O’Connor didn’t have a key when he came home after 10 p.m. So he rang the doorbell. It gave his grandmother time to hide the journal under the pillow again. She’d been making photocopies.

O’Connor came inside on a sub-freezing night in just a T-shirt, carrying a guitar case. His jacket, he said, was inside the soft-shelled case. But it looked like it held something much heavier. He went to bed and wrote one final entry about how “powerful” he felt during the robbery.

The next morning his grandmother drove him to school. Afterward, she opened the guitar case and saw a rifle. She called police.

The accomplice in the robbery, Marquez Daniel, maintained he didn’t know about the school shooting plot. He was sentenced to two years in prison. He agreed to testify against O’Connor, if the case went to trial.

In jail, O’Connor allegedly tried to recruit an inmate for another school shooting plot. O’Connor hasn’t been charged in that case.

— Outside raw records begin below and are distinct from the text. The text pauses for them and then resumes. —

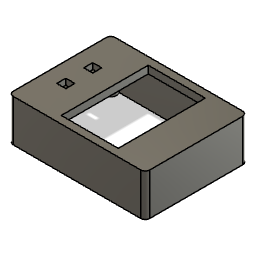
Enclosure_V2 (Autodesk Fusion 360 design; units mm, degrees)
Autodesk Fusion 360 part; units mm, degrees
sketch "Sketch1" plane through (0, 0, 0) normal (0, 1, 0) x (1, 0, 0) in component "Base"
  line L0 (88, -34) -> (-88, -34)
  line L1 (-88, -34) -> (-88, 34)
  line L2 (-88, 34) -> (88, 34)
  line L3 (88, 34) -> (88, -34)
  line L4 (88, -34) -> (-88, 34) construction
  line L5 (-88, -34) -> (88, 34) construction
  line L6 (85.5, -31.5) -> (-85.5, -31.5)
  line L7 (-85.5, -31.5) -> (-85.5, 31.5)
  line L8 (-85.5, 31.5) -> (85.5, 31.5)
  line L9 (85.5, 31.5) -> (85.5, -31.5)
  dimension "d2" = 176
  dimension "d3" = 68
  dimension "d4" = 2.5
  constraint perpendicular L0 L1
  constraint parallel L0 L2
  constraint parallel L1 L3
  constraint horizontal L0
  constraint coincident L4 origin
  constraint coincident L5 origin
  measures "d2" distance of L1.end L2.end
  measures "d3" distance of L0.end L1.end
extrude "Extrude1" add sketch "Sketch1" along normal blind 23 contours L0 L1 L2 L3 | L6 L7 L8 L9 makes body 1 in component "Base"
sketch "Sketch2" plane through (0, 23, 0) normal (0, 1, 0) x (-1, 0, 0) in component "Base"
  line L0 (-88, -34) -> (88, -34)
  line L1 (88, -34) -> (88, 34)
  line L2 (88, 34) -> (-88, 34)
  line L3 (-88, 34) -> (-88, -34)
  line L4 (85.5, 31.5) -> (-85.5, 31.5)
  line L5 (-85.5, 31.5) -> (-85.5, -31.5)
  line L6 (-85.5, -31.5) -> (85.5, -31.5)
  line L7 (85.5, -31.5) -> (85.5, 31.5)
  circle A0 centre (-83, -29) radius 2
  circle A1 centre (-83, 29) radius 2
  circle A2 centre (0, 29) radius 2
  circle A3 centre (0, -29) radius 2
  circle A4 centre (83, -29) radius 2
  circle A5 centre (83, 29) radius 2
  dimension "d7" = -2.5
  dimension "d62" = 4
  dimension "d63" = 5
  dimension "d64" = 5
  dimension "d65" = 4
  dimension "d66" = 5
  dimension "d67" = 5
  dimension "d68" = 4
  dimension "d69" = 5
  dimension "d70" = 4
  dimension "d71" = 5
  dimension "d72" = 4
  dimension "d73" = 5
  dimension "d74" = 5
  dimension "d75" = 4
  dimension "d76" = 5
  dimension "d77" = 5
  measures "d62" diameter of A0
  measures "d63" distance of L0 A0.centre
  measures "d64" distance of L3 A0.centre
  measures "d65" diameter of A1
  measures "d66" distance of L3 A1.centre
  measures "d67" distance of L2 A1.centre
  measures "d68" diameter of A2
  measures "d69" distance of L2 A2.centre
  measures "d70" diameter of A3
  measures "d71" distance of L0 A3.centre
  measures "d72" diameter of A4
  measures "d73" distance of L0 A4.centre
  measures "d74" distance of L1 A4.centre
  measures "d75" diameter of A5
  measures "d76" distance of L2 A5.centre
  measures "d77" distance of L1 A5.centre
extrude "Extrude2" cut sketch "Sketch2" against normal up to surface (19 mm away) contours L4 L5 L6 L7 | A0 | A1 | A2 | A3 | A4 | A5 bodies 1 in component "Base"
fillet "Fillet1" radius 2 4 edges at (85.5, 13.5, -31.5) (85.5, 13.5, 31.5) (-85.5, 13.5, 31.5) (-85.5, 13.5, -31.5) on bodies 1 in component "Base"
fillet "Fillet2" radius 3 4 edges at (-88, 11.5, 34) (-88, 11.5, -34) (88, 11.5, -34) (88, 11.5, 34) on bodies 1 in component "Base"
sketch "Sketch3" plane through (0, 0, 0) normal (0, -1, 0) x (1, 0, 0) in component "Base"
  arc A0 (88, 31) -> (85, 34) centre (85, 31) ccw
  line L0 (85, 34) -> (-85, 34)
  arc A1 (-85, 34) -> (-88, 31) centre (-85, 31) ccw
  line L1 (-88, 31) -> (-88, -31) construction
  arc A2 (-88, -31) -> (-85, -34) centre (-85, -31) ccw
  line L2 (-85, -34) -> (85, -34)
  arc A3 (85, -34) -> (88, -31) centre (85, -31) ccw
  line L3 (88, -31) -> (88, 31)
sketch "Sketch4" plane through (0, 0, 0) normal (0, -1, 0) x (1, 0, 0) in component "Base"
  arc A0 (88, 31) -> (85, 34) centre (85, 31) ccw
  line L0 (85, 34) -> (-85, 34)
  arc A1 (-85, 34) -> (-88, 31) centre (-85, 31) ccw
  line L1 (-88, 31) -> (-88, -31)
  arc A2 (-88, -31) -> (-85, -34) centre (-85, -31) ccw
  line L2 (-85, -34) -> (85, -34)
  arc A3 (85, -34) -> (88, -31) centre (85, -31) ccw
  line L3 (88, -31) -> (88, 31)
  circle A4 centre (-61.5, 24) radius 1.75
  line L4 (85, 34) -> (-85, 34)
  circle A5 centre (-61.5, -24.5) radius 1.75
  line L5 (-85, -34) -> (85, -34)
  circle A6 centre (-28.5, 24) radius 1.75
  circle A7 centre (-28.5, -24.5) radius 1.75
  circle A8 centre (-61.5, 24) radius 3.5
  circle A9 centre (-28.5, 24) radius 3.5
  circle A10 centre (-61.5, -24.5) radius 3.5
  circle A11 centre (-28.5, -24.5) radius 3.5
  circle A12 centre (-83, 29) radius 4
  circle A13 centre (-83, 29) radius 2
  circle A14 centre (-83, 29) radius 4
  circle A15 centre (-83, 29) radius 2.1
  circle A16 centre (-83, -29) radius 2
  line L6 (-88, 31) -> (-88, -31)
  circle A17 centre (-83, -29) radius 4
  circle A18 centre (0, 29) radius 4
  circle A19 centre (0, 29) radius 2
  circle A20 centre (0, -29) radius 4
  circle A21 centre (0, -29) radius 2
  circle A22 centre (83, 29) radius 4
  line L7 (88, -31) -> (88, 31)
  circle A23 centre (83, 29) radius 2
  circle A24 centre (83, -29) radius 4
  circle A25 centre (83, -29) radius 2
  dimension "d14" = 3.5
  dimension "d15" = 26.5
  dimension "d16" = 10
  dimension "d17" = 3.5
  dimension "d18" = 26.5
  dimension "d20" = 3.5
  dimension "d21" = 59.5
  dimension "d22" = 10
  dimension "d23" = 3.5
  dimension "d24" = 59.5
  dimension "d26" = 7
  dimension "d27" = 7
  dimension "d28" = 7
  dimension "d29" = 7
  dimension "d36" = 8
  dimension "d37" = 5
  dimension "d38" = 5
  dimension "d39" = 4
  dimension "d40" = 8
  dimension "d41" = 4.2
  dimension "d42" = 4
  dimension "d43" = 5
  dimension "d44" = 5
  dimension "d45" = 8
  dimension "d46" = 8
  dimension "d47" = 5
  dimension "d48" = 4
  dimension "d49" = 8
  dimension "d50" = 5
  dimension "d51" = 4
  dimension "d52" = 8
  dimension "d53" = 5
  dimension "d54" = 5
  dimension "d55" = 4
  dimension "d56" = 8
  dimension "d57" = 5
  dimension "d58" = 5
  dimension "d59" = 4
  dimension "d154" = 48.5
  dimension "d155" = 48.5
  constraint concentric A4 A8
  constraint concentric A6 A9
  constraint concentric A5 A10
  constraint concentric A7 A11
  constraint concentric A12 A13
  constraint concentric A14 A15
  constraint concentric A16 A17
  constraint concentric A18 A19
  constraint concentric A20 A21
  constraint concentric A22 A23
  constraint concentric A24 A25
  measures "d14" diameter of A4
  measures "d15" distance of L1 A4.centre
  measures "d16" distance of A4.centre L4
  measures "d17" diameter of A5
  measures "d18" distance of L1 A5.centre
  measures "d20" diameter of A6
  measures "d21" distance of L1 A6.centre
  measures "d22" distance of L4 A6.centre
  measures "d23" diameter of A7
  measures "d24" distance of L1 A7.centre
  measures "d26" diameter of A8
  measures "d27" diameter of A9
  measures "d28" diameter of A10
  measures "d29" diameter of A11
  measures "d36" diameter of A12
  measures "d37" distance of L4 A12.centre
  measures "d38" distance of L1 A12.centre
  measures "d39" diameter of A13
  measures "d40" diameter of A14
  measures "d41" diameter of A15
  measures "d42" diameter of A16
  measures "d43" distance of A16.centre L6
  measures "d44" distance of L5 A16.centre
  measures "d45" diameter of A17
  measures "d46" diameter of A18
  measures "d47" distance of L0 A18.centre
  measures "d48" diameter of A19
  measures "d49" diameter of A20
  measures "d50" distance of L5 A20.centre
  measures "d51" diameter of A21
  measures "d52" diameter of A22
  measures "d53" distance of A22.centre L7
  measures "d54" distance of L4 A22.centre
  measures "d55" diameter of A23
  measures "d56" diameter of A24
  measures "d57" distance of L3 A24.centre
  measures "d58" distance of L5 A24.centre
  measures "d59" diameter of A25
  measures "d154" distance of A6.centre A7.centre
  measures "d155" distance of A4.centre A5.centre
extrude "Extrude6" add sketch "Sketch4" against normal blind 23 contours A12 A14 | A13 | A15 | A16 | A17 | A18 | A19 | A20 | A21 | A22 | A23 | A24 | A25 bodies 1 in component "Base"
extrude "Extrude4" cut sketch "Sketch4" against normal up to surface (4 mm away) contours A4 | A5 | A6 | A7 bodies 1 in component "Base"
extrude "Extrude5" cut sketch "Sketch4" against normal blind 2.5 contours A8 | A9 | A10 | A11 bodies 1 in component "Base"
sketch "Sketch5" plane through (0, 0, 0) normal (0, -1, 0) x (1, 0, 0) in component "Base"
  circle A0 centre (-28.5, 24) radius 3.5
  circle A1 centre (-61.5, -24.5) radius 3.5
  circle A2 centre (-61.5, 24) radius 3.5
  circle A3 centre (-28.5, -24.5) radius 3.5
  arc A4 (88, 31) -> (85, 34) centre (85, 31) ccw
  line L0 (85, 34) -> (-85, 34)
  arc A5 (-85, 34) -> (-88, 31) centre (-85, 31) ccw
  line L1 (-88, 31) -> (-88, -31)
  arc A6 (-88, -31) -> (-85, -34) centre (-85, -31) ccw
  line L2 (-85, -34) -> (85, -34)
  arc A7 (85, -34) -> (88, -31) centre (85, -31) ccw
  line L3 (88, -31) -> (88, 31)
  line L4 (-2, 25) -> (2, 25)
  line L5 (2, 25) -> (2, -25)
  line L6 (2, -25) -> (-2, -25)
  line L7 (-2, -25) -> (-2, 25)
  constraint horizontal L4
  constraint vertical L5
  constraint horizontal L6
  constraint vertical L7
sketch "Sketch2 (2)" plane through (0, 23, 0) normal (0, 1, 0) x (-1, 0, 0) in component "Lid1"
  arc A0 (-85, 34) -> (-88, 31) centre (-85, 31) ccw
  line L0 (-88, 31) -> (-88, -31)
  arc A1 (-88, -31) -> (-85, -34) centre (-85, -31) ccw
  line L1 (-85, -34) -> (85, -34)
  arc A2 (85, -34) -> (88, -31) centre (85, -31) ccw
  line L2 (88, -31) -> (88, 31)
  arc A3 (88, 31) -> (85, 34) centre (85, 31) ccw
  line L3 (85, 34) -> (-85, 34)
  arc A4 (-85.5, 25.8775) -> (-79.8775, 31.5) centre (-83, 29) ccw
  line L4 (-79.8775, 31.5) -> (-3.1225, 31.5)
  arc A5 (-3.1225, 31.5) -> (3.1225, 31.5) centre (0, 29) ccw
  line L5 (3.1225, 31.5) -> (79.8775, 31.5)
  arc A6 (79.8775, 31.5) -> (85.5, 25.8775) centre (83, 29) ccw
  line L6 (85.5, 25.8775) -> (85.5, -25.8775)
  arc A7 (85.5, -25.8775) -> (79.8775, -31.5) centre (83, -29) ccw
  line L7 (79.8775, -31.5) -> (3.1225, -31.5)
  arc A8 (3.1225, -31.5) -> (-3.1225, -31.5) centre (0, -29) ccw
  line L8 (-3.1225, -31.5) -> (-79.8775, -31.5)
  arc A9 (-79.8775, -31.5) -> (-85.5, -25.8775) centre (-83, -29) ccw
  line L9 (-85.5, -25.8775) -> (-85.5, 25.8775)
  line L10 (85, -34) -> (-85, -34)
  arc A10 (85, -34) -> (88, -31) centre (85, -31) ccw
  line L11 (88, 31) -> (88, -31)
  arc A11 (88, 31) -> (85, 34) centre (85, 31) ccw
  line L12 (-85, 34) -> (85, 34)
  line L13 (-88, -31) -> (-88, 31)
  arc A12 (-85, 34) -> (-88, 31) centre (-85, 31) ccw
  arc A13 (-88, -31) -> (-85, -34) centre (-85, -31) ccw
  point P0 (85, -34)
  point P1 (88, -31)
  point P2 (88, 31)
  point P3 (85, 34)
  point P4 (-85, 34)
  point P5 (-88, 31)
  point P6 (-88, -31)
  point P7 (-85, -34)
extrude "Extrude2'" add sketch "Sketch2 (2)" along normal blind 6 separate body contours A0 L0 A1 L1 A2 L2 A3 L3 L10 A10 L11 A11 L12 L13 A12 A13 | A4 L4 A5 L5 A6 L6 A7 L7 A8 L8 A9 L9 makes body 2 in component "Lid1"
sketch "Sketch5 (2)" plane through (0, 23, 0) normal (0, 1, 0) x (-1, 0, 0) in component "Lid1"
  arc A0 (-85, 34) -> (-88, 31) centre (-85, 31) ccw
  line L0 (-88, 31) -> (-88, -31)
  arc A1 (-88, -31) -> (-85, -34) centre (-85, -31) ccw
  line L1 (-85, -34) -> (85, -34)
  arc A2 (85, -34) -> (88, -31) centre (85, -31) ccw
  line L2 (88, -31) -> (88, 31)
  arc A3 (88, 31) -> (85, 34) centre (85, 31) ccw
  line L3 (85, 34) -> (-85, 34)
  arc A4 (-85.5, 25.8775) -> (-79.8775, 31.5) centre (-83, 29) ccw
  line L4 (-79.8775, 31.5) -> (-3.1225, 31.5)
  arc A5 (-3.1225, 31.5) -> (3.1225, 31.5) centre (0, 29) ccw
  line L5 (3.1225, 31.5) -> (79.8775, 31.5)
  arc A6 (79.8775, 31.5) -> (85.5, 25.8775) centre (83, 29) ccw
  line L6 (85.5, 25.8775) -> (85.5, -25.8775)
  arc A7 (85.5, -25.8775) -> (79.8775, -31.5) centre (83, -29) ccw
  line L7 (79.8775, -31.5) -> (3.1225, -31.5)
  arc A8 (3.1225, -31.5) -> (-3.1225, -31.5) centre (0, -29) ccw
  line L8 (-3.1225, -31.5) -> (-79.8775, -31.5)
  arc A9 (-79.8775, -31.5) -> (-85.5, -25.8775) centre (-83, -29) ccw
  line L9 (-85.5, -25.8775) -> (-85.5, 25.8775)
  arc A10 (85.5, -25.8775) -> (79.8775, -31.5) centre (83, -29) ccw
  line L10 (79.8775, -31.5) -> (3.1225, -31.5)
  arc A11 (3.1225, -31.5) -> (-3.1225, -31.5) centre (0, -29) ccw
  line L11 (-3.1225, -31.5) -> (-79.8775, -31.5)
  arc A12 (-79.8775, -31.5) -> (-85.5, -25.8775) centre (-83, -29) ccw
  line L12 (-85.5, -25.8775) -> (-85.5, 25.8775)
  arc A13 (-85.5, 25.8775) -> (-79.8775, 31.5) centre (-83, 29) ccw
  line L13 (-79.8775, 31.5) -> (-3.1225, 31.5)
  arc A14 (-3.1225, 31.5) -> (3.1225, 31.5) centre (0, 29) ccw
  line L14 (3.1225, 31.5) -> (79.8775, 31.5)
  arc A15 (79.8775, 31.5) -> (85.5, 25.8775) centre (83, 29) ccw
  line L15 (85.5, 25.8775) -> (85.5, -25.8775)
  point P0 (79.8775, -31.5)
  point P1 (3.1225, -31.5)
  point P2 (-3.1225, -31.5)
  point P3 (-79.8775, -31.5)
  point P4 (-85.5, -25.8775)
  point P5 (-85.5, 25.8775)
  point P6 (-79.8775, 31.5)
  point P7 (-3.1225, 31.5)
  point P8 (3.1225, 31.5)
  point P9 (79.8775, 31.5)
  point P10 (85.5, -25.8775)
  point P11 (85.5, 25.8775)
sketch "Sketch6" plane through (0, 23, 0) normal (0, 1, 0) x (-1, 0, 0) in component "Lid1"
  arc A0 (-85, 34) -> (-88, 31) centre (-85, 31) ccw
  line L0 (-88, 31) -> (-88, -31)
  arc A1 (-88, -31) -> (-85, -34) centre (-85, -31) ccw
  line L1 (-85, -34) -> (85, -34)
  arc A2 (85, -34) -> (88, -31) centre (85, -31) ccw
  line L2 (88, -31) -> (88, 31)
  arc A3 (88, 31) -> (85, 34) centre (85, 31) ccw
  line L3 (85, 34) -> (-85, 34)
  arc A4 (-85.5, 25.8775) -> (-79.8775, 31.5) centre (-83, 29) ccw
  line L4 (-79.8775, 31.5) -> (-3.1225, 31.5)
  arc A5 (-3.1225, 31.5) -> (3.1225, 31.5) centre (0, 29) ccw
  line L5 (3.1225, 31.5) -> (79.8775, 31.5)
  arc A6 (79.8775, 31.5) -> (85.5, 25.8775) centre (83, 29) ccw
  line L6 (85.5, 25.8775) -> (85.5, -25.8775)
  arc A7 (85.5, -25.8775) -> (79.8775, -31.5) centre (83, -29) ccw
  line L7 (79.8775, -31.5) -> (3.1225, -31.5)
  arc A8 (3.1225, -31.5) -> (-3.1225, -31.5) centre (0, -29) ccw
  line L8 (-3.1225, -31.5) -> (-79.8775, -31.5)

The inmate divulged the new plot to his lawyer.

O’Connor invited the man to his cell for coffee in May. The inmate got a strange feeling, walked downstairs and was attacked by O’Connor’s cellmate Travis Hammons, according to the first-degree assault charges. The injured man was knocked out.

Hammons is awaiting trial.

Detectives reviewed O’Connor’s phone records. Often he searched the internet for explosives, weapons and body armor. He had screenshots of police scanner codes and street maps to local campuses.

He had a picture of the ACES bell schedule. The timestamp on the photo was 8:10 a.m., hours before police pulled him from class to talk. The next day, 17 people were gunned down at Marjory Stoneman Douglas High School in Parkland, Florida.

This story has been modified to correct the name of the business where Joshua O’Connor ordered a rifle.